- I want to help division long sentence into reasonable sizes as sticky notes.
Sentences written in a lighthearted manner
Ah, well, people who are not used to the process of making lots of stickies and doing the KJ method donāt have a good idea of how granular the information should be when they make the stickies in the first place. Thatās where the software needs to help. This is not the proper granularity.
- Divide and conquer by experienced personnel
-
- This is a split and delete only pattern
- With rewriting it looks like this:.
-
v1: interconnected range extraction
- It worked for a while, but not great.
- Instead of using the results after the engagement analysis, we thought it was necessary to devise a process of engagement analysis.
- While trying to implement the co-reference analysis itself, I realized that there is no need for co-reference analysis in the first place.
-
v2: 4-level decomposition algorithm
- consideration
- For āwords that appear at a distance but are connected in terms of their affinities.ā
- Whether they are connected in terms of engagement or not, they can be separated as stickies because they appear at a distance!
- Split by punctuation without length-dependent splitting, just split by punctuation.
- Itās good because I break it up with punctuation and if itās too long, I chop it up even more with conjunctive particles.

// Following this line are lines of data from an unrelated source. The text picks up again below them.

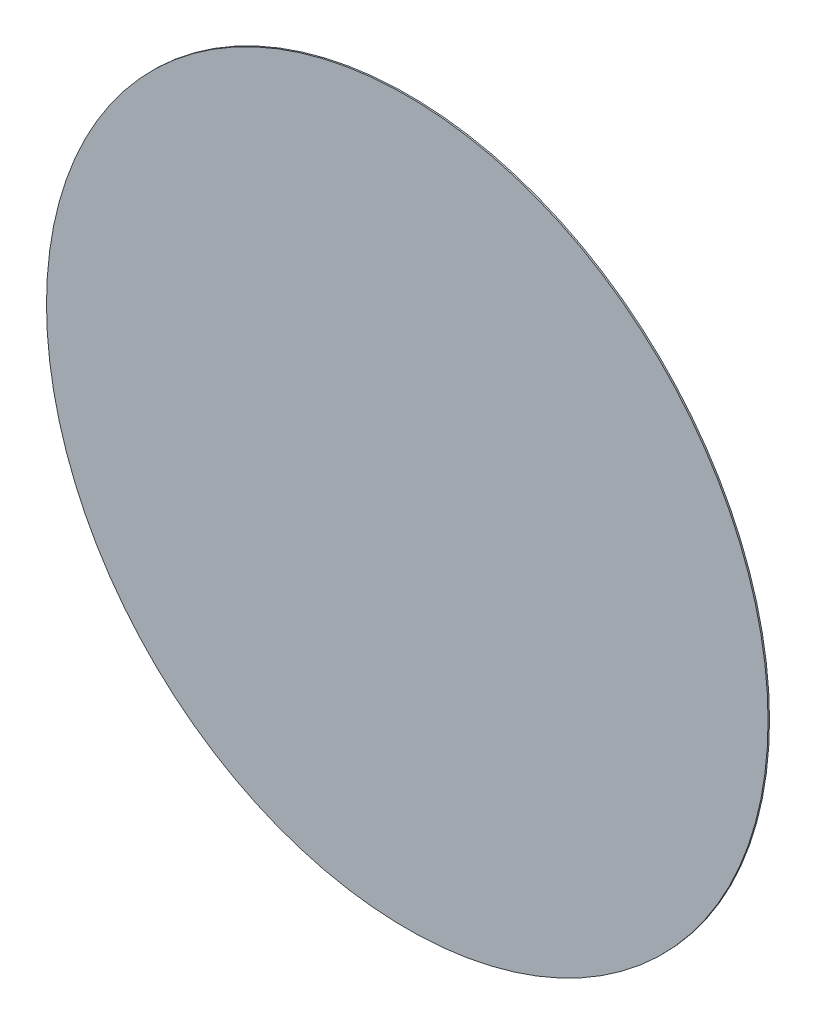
from build123d import *

# Parameters (mm, degrees)
SKETCH1_R      = 12.5
EXTRUDE1_DEPTH = 0.05


with BuildPart() as part:
    # Sketch1 → Extrude1 (new body)
    with BuildSketch(Plane.XY):
        Circle(SKETCH1_R)
    extrude(amount=EXTRUDE1_DEPTH)


solid = part.part

- For āwords that appear at a distance but are connected in terms of their affinities.ā
- structure
- Split by punctuation, parentheses, etc.
- If the length is above the threshold, weāll split it with a conjunctive particle.
- If the length exceeds the threshold, weāll split it with a cohesive particle.
- If the length is above the threshold, weāll split it with a case particle.
- I was thinking of doing machine learning based on the surrounding predispositions for where to divide, but when I looked at the predispositions with my eyes, I felt like this was the way to go.
- consideration
-
v3: Algorithm to split recursively from the one with the highest split priority score
- Observe and discuss v2 results
- The problem that ācome outā and āuse itā are split by āteā and made into the original form to form ākuruā and āiruā.
- Same word, different division priority.
- Change the score depending on the situation and split from the largest to the smallest.
- Scores are now adjusted on a rule basis.
- It will eventually fail.
- Human beings cannot reconcile past decisions with consistency.
- Moving to machine learning?
- Iām collecting examples of cases that have not been divided well.
- Observe and discuss v2 results
-
v4: If we were to move to machine learning
- What is the best way to do it?
- 1: Binary classification of āto separate or not to separateā is performed for each word, and the words are divided from the one with the highest āscore to separateā until the length constraint is satisfied.
- Score calculation of the current score-based method becomes a form of machine learning.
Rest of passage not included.